The Sapphire model represents the next generation of GemCod agents by integrating COT(Chain Of Thought) reasoning capabilities into the standard coding architecture. This almost completely removes the chances of hallucination and allows the model to give highly detailed and specialized explanations and instructions along with its generations.

It serves as an upgrade from the previous GemCod-Jade-270M model found here (https://huggingface.co/DireDreadlord/GemCod-Jade-270M) whilst only having minor bloat to inference time and space requirements. This model also offers rudimentary Q/A and subject matter expert capabilities on code related subjects.

This is the XM(Experimental) variant of the model which is trained on only 2,000 steps on SFT; it may give slightly incorrect outputs on long-form generation.

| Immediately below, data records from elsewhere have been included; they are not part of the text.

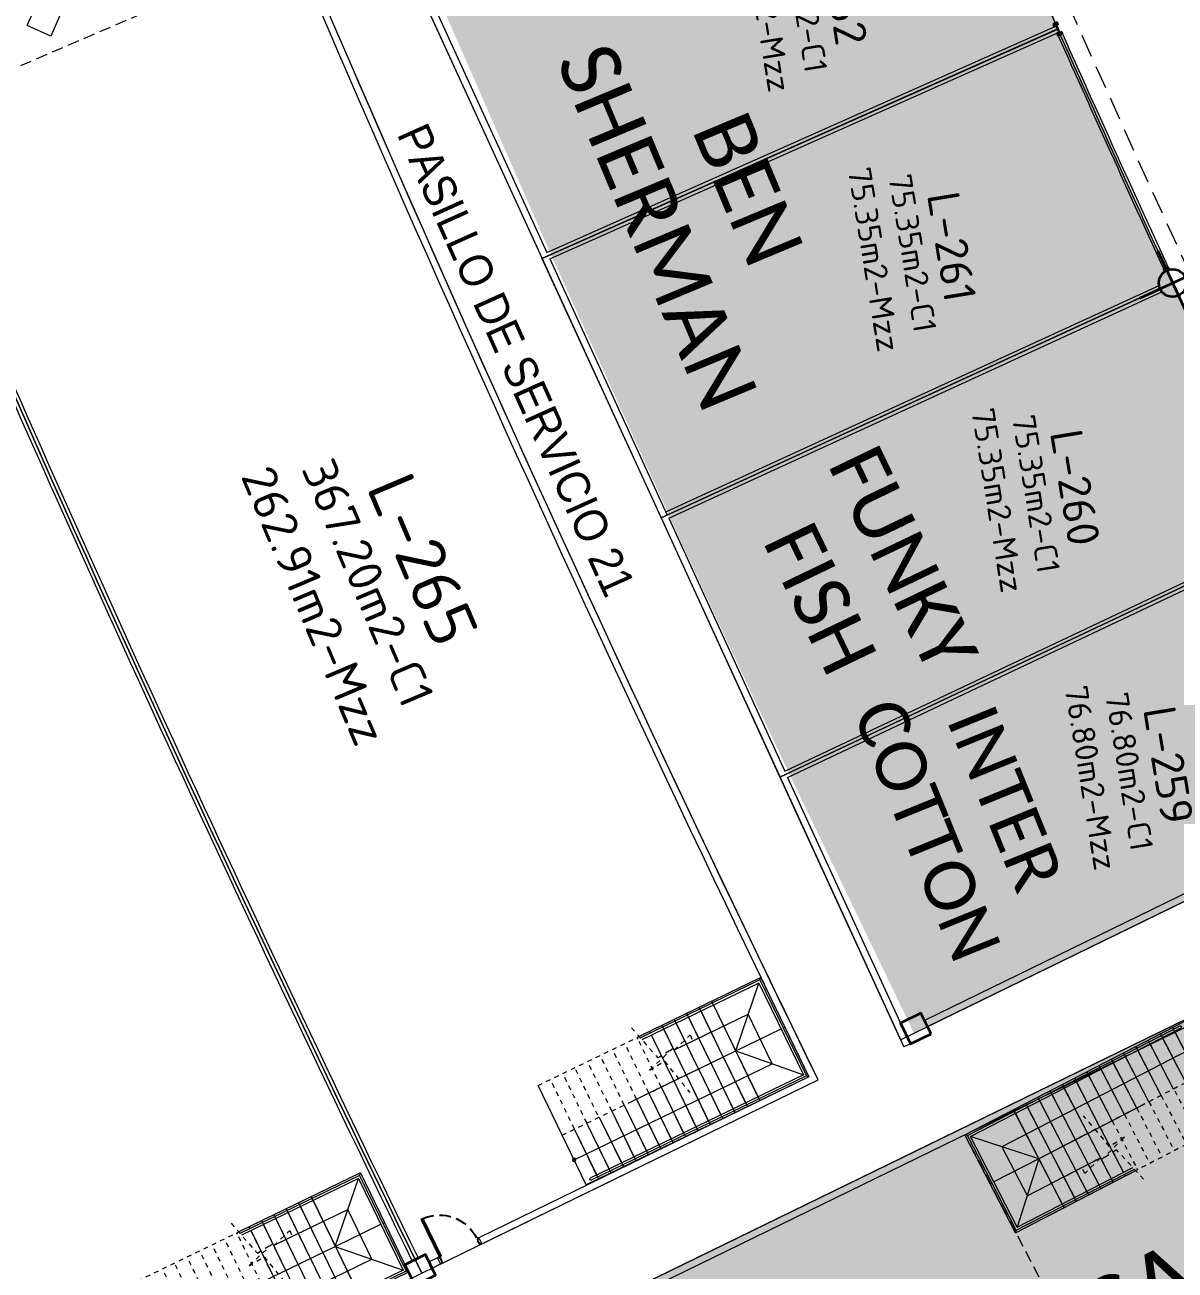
# Model space of a CAD drawing. Header units: metres. Extents: x 2 to 659295185, y -28 to 1124222152.
# Drawn here: x 655478.48 to 655503.52, y 1126261.32 to 1126288.43 of the extents above; entities that cross this region are included whole.
import ezdxf
from ezdxf.enums import TextEntityAlignment as Align

# ---------------------------------------------------------------- set-up
doc = ezdxf.new("R2010")
doc.units = ezdxf.units.M
doc.header["$MEASUREMENT"] = 0
for name, pattern in [('CCSM_C1_CUERPO CK$0$HIDDEN', [0.375, 0.25, -0.125]), ('CCSM_C1_CUERPO NS$0$CONTINUA', [0]), ('CCSM_C1_CUERPO NS$0$HIDDEN', [0.375, 0.25, -0.125]), ('CCSM_C1_CUERPO NS$0$HIDDEN2', [0.1875, 0.125, -0.0625]), ('CCSM_C1_CUERPO QR$0$HIDDEN', [0.375, 0.25, -0.125]), ('CONTINUA', [0]), ('DASHDOT', [1, 0.5, -0.25, 0, -0.25]), ('DASHED', [0.75, 0.5, -0.25]), ('HIDDEN', [0.375, 0.25, -0.125])]:
    doc.linetypes.add(name, pattern=pattern)
doc.layers.get('0').update_dxf_attribs({"linetype": 'CONTINUOUS'})
for name, color, linetype in [('CCSM_C1_CUERPO BJ$0$A-LOCAL ID', 7, 'CONTINUOUS'), ('CCSM_C1_CUERPO BJ$0$ID_Nº LOCAL', 7, 'CONTINUOUS'), ('CCSM_C1_CUERPO NS$0$A-FRENTE DE LOCAL', 4, 'CONTINUOUS'), ('CCSM_C1_CUERPO NS$0$A-LOCAL ID', 7, 'CONTINUOUS'), ('CCSM_C1_CUERPO NS$0$A-MARCOS LOCALES', 4, 'CONTINUOUS'), ('CCSM_C1_CUERPO NS$0$a-mobiliario', 8, 'CCSM_C1_CUERPO NS$0$HIDDEN2'), ('CCSM_C1_CUERPO NS$0$A-PARED', 2, 'CCSM_C1_CUERPO NS$0$CONTINUA'), ('CCSM_C1_CUERPO NS$0$A-PUERTA', 5, 'CCSM_C1_CUERPO NS$0$CONTINUA'), ('CCSM_C1_CUERPO NS$0$ID_AREA EXACTA', 7, 'CONTINUOUS'), ('CCSM_C1_CUERPO NS$0$ID_Nº LOCAL', 7, 'CONTINUOUS'), ('CCSM_C1_CUERPO NS$0$ID_RUBRO', 7, 'CONTINUOUS'), ('CCSM_C1_CUERPO QR$0$A_PROYECCION', 5, 'CONTINUOUS'), ('CCSM_XREF KIOSKOSE$0$Kiosco General', 154, 'CONTINUOUS')]:
    doc.layers.add(name, color=color, linetype=linetype)
doc.layers.add('CCSM_C1_CUERPO NS$0$A-AREAS COMERCIALES', color=151, linetype='CONTINUOUS', plot=False)
for name, color, linetype, lineweight in [('CCSM_XREF ESTRUCTURA15$0$E-CA-COLUMNA', 2, 'CONTINUOUS', 35), ('CCSM_XREF ESTRUCTURA15$0$E-CS-COLUMNA', 2, 'CONTINUOUS', 35), ('LOCALES ASIGNADOS', 41, 'DASHDOT', 0), ('NOMBRES LOCATARIOS', 7, 'CONTINUA', 0), ('XREF ESCALERAS', 252, 'CONTINUOUS', 0)]:
    doc.layers.add(name, color=color, linetype=linetype, lineweight=lineweight)
doc.styles.add('CCSM_C1_CUERPO BJ$0$ROMANS', font='romans__.ttf')
doc.styles.add('CCSM_C1_CUERPO BJ$0$sigo', font='arial.ttf', dxfattribs={"width": 0.9})
doc.styles.add('CCSM_C1_CUERPO NS$0$ROMANS', font='romans__.ttf')
doc.styles.get("Standard").update_dxf_attribs({"font": 'tahoma.ttf'})
doc.styles.add('XX', font='')
doc.styles.get('XX').set_extended_font_data('Arial Black')

# ---------------------------------------------------------------- blocks, each defined once
blk = doc.blocks.new('CCSM_C1_CUERPO NS$0$MARCO-PARED')
for points in [[(-0.14, 0.05), (-0.09, 0.05), (-0.09, -0.05), (-0.14, -0.05)], [(-0.135, 0.045), (-0.095, 0.045), (-0.095, -0.045), (-0.135, -0.045)], [(-0.075, 0.05), (-0.075, 0.045), (-0.085, 0.045), (-0.085, 0), (0.085, 0), (0.085, 0.045), (0.075, 0.045), (0.075, 0.05), (0.09, 0.05), (0.09, -0.005), (-0.09, -0.005), (-0.09, 0.05)], [(0.14, 0.05), (0.09, 0.05), (0.09, -0.05), (0.14, -0.05)], [(0.135, 0.045), (0.095, 0.045), (0.095, -0.045), (0.135, -0.045)]]:
    blk.add_lwpolyline(points, close=True)
blk = doc.blocks.new('CCSM_C1_CUERPO NS$0$MARCO LOCAL-COLUMNA')
for points in [[(-0.05, -0.05), (-0.05, 0), (0.05, 0), (0.05, -0.05)], [(-0.045, -0.045), (-0.045, -0.005), (0.045, -0.005), (0.045, -0.045)]]:
    blk.add_lwpolyline(points, close=True)
blk = doc.blocks.new('CCSM_C1_CUERPO NS$0$P.Der 100.15')
for p, q in [((-0.045, 0.91), (-0.085, 0.91)), ((-0.085, 0), (-0.085, 0.91)), ((-0.045, 0.91), (-0.045, 0)), ((-0.985, -0.015), (-0.985, 0)), ((-0.985, 0), (-0.96, 0)), ((-0.96, 0), (-0.96, -0.045)), ((-0.04, 0), (-0.04, -0.045)), ((-0.015, 0), (-0.04, 0)), ((-0.015, -0.015), (-0.015, 0)), ((-1, -0.015), (-0.985, -0.015)), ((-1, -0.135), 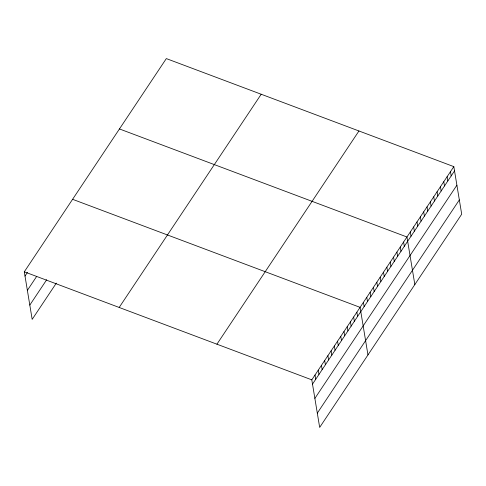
<?xml version="1.0" encoding="UTF-8"?>
<svg xmlns="http://www.w3.org/2000/svg" width="486" height="486" viewBox="0 0 486 486"><rect width="100%" height="100%" fill="white"/><g stroke="black" fill="none" stroke-linecap="round" stroke-linejoin="round"><path stroke-width="0.73" d="M56.321 283.125L32.173 319.369L24.3 271.802L166.327 58.587L453.827 166.631L461.7 214.198L319.673 427.413L311.799 379.845L453.827 166.631M25.005 276.066L27.423 272.446M27.374 290.361L36.626 276.467M29.81 305.08L46.711 279.711M119.173 307.456L261.201 94.241M216.926 344.191L358.947 130.977M312.504 384.116L454.532 170.896M314.873 398.405L456.895 185.19M317.309 413.124L459.337 199.91M119.459 128.948L406.958 236.992L414.831 284.559M72.59 199.309L360.09 307.352L367.963 354.92M24.3 271.802L311.799 379.845M450.479 171.655L451.184 175.926M447.126 176.679L447.837 180.95M443.779 181.703L444.49 185.974M440.431 186.733L441.142 191.004M437.084 191.757L437.795 196.028M433.737 196.781L434.448 201.052M430.389 201.811L431.1 206.076M427.042 206.836L427.747 211.106M423.695 211.86L424.4 216.13M420.347 216.884L421.052 221.154M417 221.914L417.705 226.184M413.653 226.938L414.358 231.208M410.305 231.962L411.01 236.232M403.611 242.016L404.316 246.287M400.264 247.04L400.968 251.311M396.91 252.064L397.621 256.335M393.563 257.094L394.274 261.365M390.215 262.118L390.926 266.389M386.868 267.142L387.579 271.413M383.521 272.172L384.232 276.437M380.173 277.196L380.878 281.467M376.826 282.22L377.531 286.491M373.479 287.244L374.184 291.515M370.132 292.274L370.836 296.545M366.784 297.298L367.489 301.569M363.437 302.322L364.142 306.593M356.87 312.182L357.575 316.453M353.65 317.018L354.355 321.289M350.43 321.847L351.135 326.118M347.211 326.683L347.915 330.954M343.991 331.513L344.695 335.783M340.771 336.348L341.482 340.619M337.551 341.178L338.262 345.449M334.332 346.014L335.042 350.285M331.112 350.843L331.823 355.114M327.898 355.679L328.603 359.95M324.678 360.509L325.383 364.779M321.459 365.344L322.163 369.615M318.239 370.18L318.944 374.445M315.019 375.01L315.724 379.28"/></g></svg>
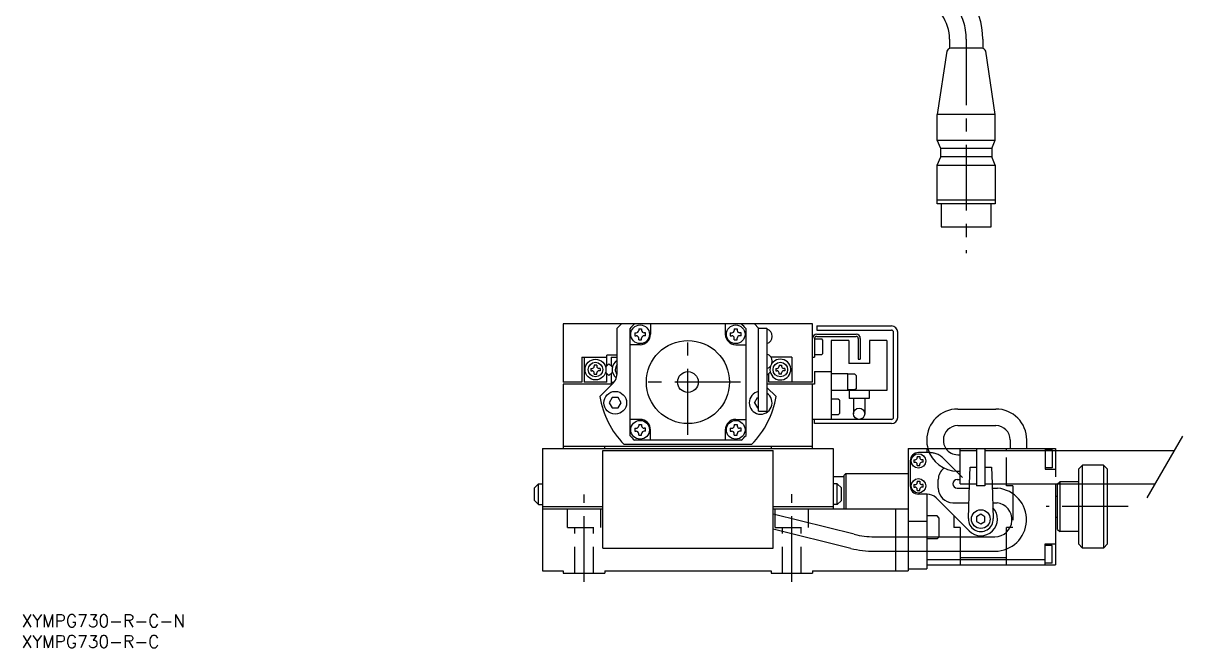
# Model space of a CAD drawing. Extents: x -2 to 425, y -8 to 414.
# Drawn here: x 0.4 to 279.5, y -8 to 142.4 of the extents above; entities that cross this region are included whole.
import ezdxf

# ---------------------------------------------------------------- set-up
doc = ezdxf.new("R2010")
doc.units = 0
doc.header["$LTSCALE"] = 0.5
doc.linetypes.add('CENTER', pattern=[50.8, 31.75, -6.35, 6.35, -6.35])
doc.linetypes.add('DASHED', pattern=[19.05, 12.7, -6.35])
for name, color, linetype in [('MSM_CENTER', 1, 'CENTER'), ('MSM_CONTINUOUS', 7, 'CONTINUOUS'), ('MSM_DASHED', 4, 'DASHED'), ('MSM_NARROW', 5, 'CONTINUOUS'), ('MSM_PART_NUMBER', 7, 'CONTINUOUS')]:
    doc.layers.add(name, color=color, linetype=linetype)
doc.styles.get("Standard").update_dxf_attribs({"font": 'txt.shx', "height": 3, "bigfont": 'bigfont.shx'})

# ---------------------------------------------------------------- blocks, each defined once
blk = doc.blocks.new('*U2')
at = {"layer": 'MSM_PART_NUMBER'}
blk.add_text('XYMPG730-R-C-N', height=3, dxfattribs=at).set_placement((0, -3))
blk = doc.blocks.new('*U3')
at = {"layer": 'MSM_PART_NUMBER'}
blk.add_text('XYMPG730-R-C', height=3, dxfattribs=at).set_placement((0, -8))

msp = doc.modelspace()

# ---------------------------------------------------------------- linework, layer by layer
at = {"layer": 'MSM_CENTER'}
for p, q in [((227.396525, 138.544583), (227.396525, 87.030248)), ((160.398425, 43.308557), (160.398425, 68.691437)), ((173.089865, 55.999997), (147.706985, 55.999997)), ((135.398425, 7.855404), (135.398425, 28.927956)), ((185.396908, 7.855404), (185.396908, 29.035982)), ((266.381063, 25.999999), (246.66527, 25.999999))]:
    msp.add_line(p, q, dxfattribs=at)
msp.add_arc((213.396525, 138.544583), 14, 0, 70.412367, dxfattribs=at)
at = {"layer": 'MSM_CONTINUOUS'}
for p, q in [((223.396525, 138.544583), (223.396525, 136.364647)), ((231.396525, 138.544583), (231.396525, 136.364647)), ((222.712194, 135.640942), (220.396526, 120.406995)), ((231.108608, 136.406995), (223.684442, 136.406995)), ((234.396525, 120.406995), (232.080855, 135.640942)), ((234.396525, 120.406995), (220.396526, 120.406995)), ((220.396526, 114.213996), (220.396526, 120.406995)), ((234.396525, 114.213996), (234.396525, 120.406995)), ((221.246525, 112.213996), (220.396526, 114.213996)), ((220.396526, 114.213996), (234.396525, 114.213996)), ((221.246525, 110.213996), (221.246525, 112.213996)), ((233.546525, 112.213996), (221.246525, 112.213996)), ((233.546525, 112.213996), (234.396525, 114.213996)), ((233.546525, 112.213996), (233.546525, 110.213996)), ((220.396526, 108.213996), (221.246525, 110.213996)), ((233.546525, 110.213996), (221.246525, 110.213996)), ((234.396525, 108.213996), (233.546525, 110.213996)), ((220.396526, 108.213996), (234.396525, 108.213996)), ((220.396526, 98.906994), (220.396526, 108.213996)), ((234.396525, 108.213996), (234.396525, 98.906994)), ((220.396526, 99.906996), (234.396525, 99.906996)), ((234.396525, 98.906994), (220.396526, 98.906994)), ((221.396527, 98.906994), (221.396527, 93.406993)), ((233.396525, 93.406993), (233.396525, 98.906994)), ((221.396527, 93.406993), (233.396525, 93.406993)), ((190.398425, 69.999997), (130.398425, 69.999997)), ((130.398425, 69.999997), (130.398425, 55.999995)), ((143.398425, 68.999997), (144.398425, 69.999997)), ((151.398425, 69.999997), (151.398425, 67.499997)), ((169.398425, 69.999997), (169.398425, 67.499997)), ((177.398425, 68.999997), (176.398425, 69.999997)), ((190.398425, 55.999995), (190.398425, 69.999997)), ((143.398425, 58.370055), (143.398425, 68.999997)), ((146.398425, 68.84523), (146.398425, 43.154764)), ((147.600426, 67.853998), (147.954425, 67.853998)), ((147.600426, 67.853998), (147.600426, 67.145997)), ((147.600426, 67.145997), (147.954425, 67.145997)), ((148.544425, 68.797997), (148.544425, 68.443998)), ((148.544425, 68.797997), (149.252426, 68.797997)), ((149.252426, 68.797997), (149.252426, 68.443998)), ((150.196425, 67.853998), (149.842426, 67.853998)), ((150.196425, 67.145997), (149.842426, 67.145997)), ((150.196425, 67.145997), (150.196425, 67.853998)), ((170.600426, 67.853998), (170.954425, 67.853998)), ((170.600426, 67.853998), (170.600426, 67.145997)), ((170.600426, 67.145997), (170.954425, 67.145997)), ((171.544425, 68.797997), (171.544425, 68.443998)), ((171.544425, 68.797997), (172.252426, 68.797997)), ((172.252426, 68.797997), (172.252426, 68.443998)), ((173.196425, 67.853998), (172.842426, 67.853998)), ((173.196425, 67.145997), (172.842426, 67.145997)), ((173.196425, 67.145997), (173.196425, 67.853998)), ((174.398425, 43.154764), (174.398425, 68.84523)), ((177.398425, 68.999997), (179.398426, 68.999997)), ((177.398425, 48.999997), (177.398425, 68.999997)), ((179.398426, 68.999997), (179.398426, 48.999997)), ((191.398425, 69.499996), (209.398425, 69.499996)), ((191.398425, 69.499996), (191.398425, 68.499996)), ((191.398425, 68.499996), (209.398425, 68.499996)), ((191.398425, 67.499997), (200.898425, 67.499997)), ((191.398425, 66.999997), (200.898425, 66.999997)), ((209.898425, 47.499998), (209.898425, 67.999996)), ((210.898425, 47.499998), (210.898425, 67.999996)), ((148.898425, 64.999997), (146.398425, 64.999997)), ((148.544425, 66.201998), (148.544425, 66.555997)), ((148.544425, 66.201998), (149.252426, 66.201998)), ((149.252426, 66.201998), (149.252426, 66.555997)), ((171.544425, 66.201998), (171.544425, 66.555997)), ((171.544425, 66.201998), (172.252426, 66.201998)), ((171.898425, 64.999997), (174.398425, 64.999997)), ((172.252426, 66.201998), (172.252426, 66.555997)), ((190.898425, 66.499997), (190.898425, 61.999995)), ((190.898425, 66.399995), (192.598425, 66.399995)), ((192.898425, 66.099995), (192.598425, 66.399995)), ((192.898425, 62.899995), (192.898425, 66.099995)), ((199.098425, 65.999996), (194.898425, 65.999996)), ((194.898425, 65.999996), (194.898425, 46.999998)), ((199.098425, 65.999996), (199.098425, 60.499996)), ((201.398425, 66.499997), (201.398425, 61.499997)), ((201.898425, 66.499997), (201.898425, 61.499997)), ((204.098425, 65.999996), (204.098425, 60.499996)), ((208.298425, 65.999996), (204.098425, 65.999996)), ((208.298425, 65.999996), (208.298425, 53.999996)), ((134.898424, 61.999998), (134.898424, 55.999995)), ((134.898424, 61.999998), (140.898424, 61.999998)), ((135.398425, 61.999998), (135.398425, 55.999995)), ((140.898424, 59.914214), (140.898424, 62.499998)), ((143.398425, 62.499998), (140.898424, 62.499998)), ((141.898424, 61.999998), (141.898424, 59.914213)), ((141.898424, 61.999998), (143.398425, 61.999998)), ((185.398425, 61.999998), (180.400627, 61.999998)), ((185.398425, 61.999998), (185.398425, 55.999995)), ((190.398425, 61.999995), (190.898425, 61.999995)), ((190.898425, 62.599995), (192.598425, 62.599995)), ((192.898425, 62.899995), (192.598425, 62.599995)), ((201.398425, 61.499997), (201.898425, 61.499997)), ((137.048422, 59.299998), (137.348421, 59.299998)), ((137.048422, 59.299998), (137.048422, 58.699997)), ((137.048422, 58.699997), (137.348421, 58.699997)), ((137.848421, 60.099997), (137.848421, 59.799998)), ((138.448422, 60.099997), (137.848421, 60.099997)), ((138.448422, 60.099997), (138.448422, 59.799998)), ((139.248421, 59.299998), (138.948422, 59.299998)), ((139.248421, 58.699997), (138.948422, 58.699997)), ((139.248421, 59.299998), (139.248421, 58.699997)), ((140.5771, 59.592889), (141.398422, 60.414213)), ((141.398422, 60.414213), (142.219745, 59.592892)), ((180.21975, 59.592889), (180.133778, 59.678862)), ((181.548428, 59.299998), (181.848427, 59.299998)), ((181.548428, 59.299998), (181.548428, 58.699997)), ((181.548428, 58.699997), (181.848427, 58.699997)), ((182.348427, 60.099997), (182.348427, 59.799998)), ((182.348427, 60.099997), (182.948428, 60.099997)), ((182.948428, 60.099997), (182.948428, 59.799998)), ((183.748427, 59.299998), (183.448428, 59.299998)), ((183.748427, 58.699997), (183.448428, 58.699997)), ((183.748427, 59.299998), (183.748427, 58.699997)), ((204.098425, 60.499996), (199.098425, 60.499996)), ((134.898424, 55.999995), (130.398425, 55.999995)), ((140.898424, 55.999995), (135.398425, 55.999995)), ((137.848421, 57.899998), (137.848421, 58.199997)), ((137.848421, 57.899998), (138.448422, 57.899998)), ((138.448422, 57.899998), (138.448422, 58.199997)), ((140.577101, 58.407109), (141.398425, 57.585786)), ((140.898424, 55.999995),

Estimated parameters: ~270M

Architecture: Gemma3

Intended use: Code snippet and long-form generations from natural language, instruction generation and COT explanations on code snippets


Training data

Usage

Install requirements:

pip install -r requirements.txt
pip install transformers datasets accelerate safetensors

Usage (Hugging Face Hub)

You can load it directly from HuggingFace:

from transformers import AutoTokenizer, AutoModelForCausalLM


tokenizer = AutoTokenizer.from_pretrained("DireDreadlord/GemCod-Sapphire-270M-XM")
model = AutoModelForCausalLM.from_pretrained("DireDreadlord/GemCod-Sapphire-270M-XM")
model.to(device)
model.eval()
model.resize_token_embeddings(len(tokenizer))


user_prompt = (
    "write a bubble sort algorithm in cpp."
    "Please think step by step and show your chain-of-thought before the final code." #<-- comment out this line to disable COT
)

messages = [{"role": "user", "content": user_prompt}]


inputs = tokenizer.apply_chat_template(messages, add_generation_prompt=True, return_tensors="pt")
inputs = {k: v.to(device) for k, v in inputs.items()}


with torch.no_grad():
    outputs = model.generate(
        **inputs,
        max_new_tokens=1024,
        do_sample=False,
        num_beams=1,
        pad_token_id=tokenizer.eos_token_id,
        eos_token_id=tokenizer.eos_token_id,
        use_cache=False,
    )


prompt_len = inputs["input_ids"].shape[1]
generated_ids = outputs[0, prompt_len:]
print(tokenizer.decode(generated_ids.tolist(), skip_special_tokens=True))

For optimal long-form generation along with COT, set max_new_tokens=2048

Limitations

  • Model for experimental use only; users should employ it as such under license.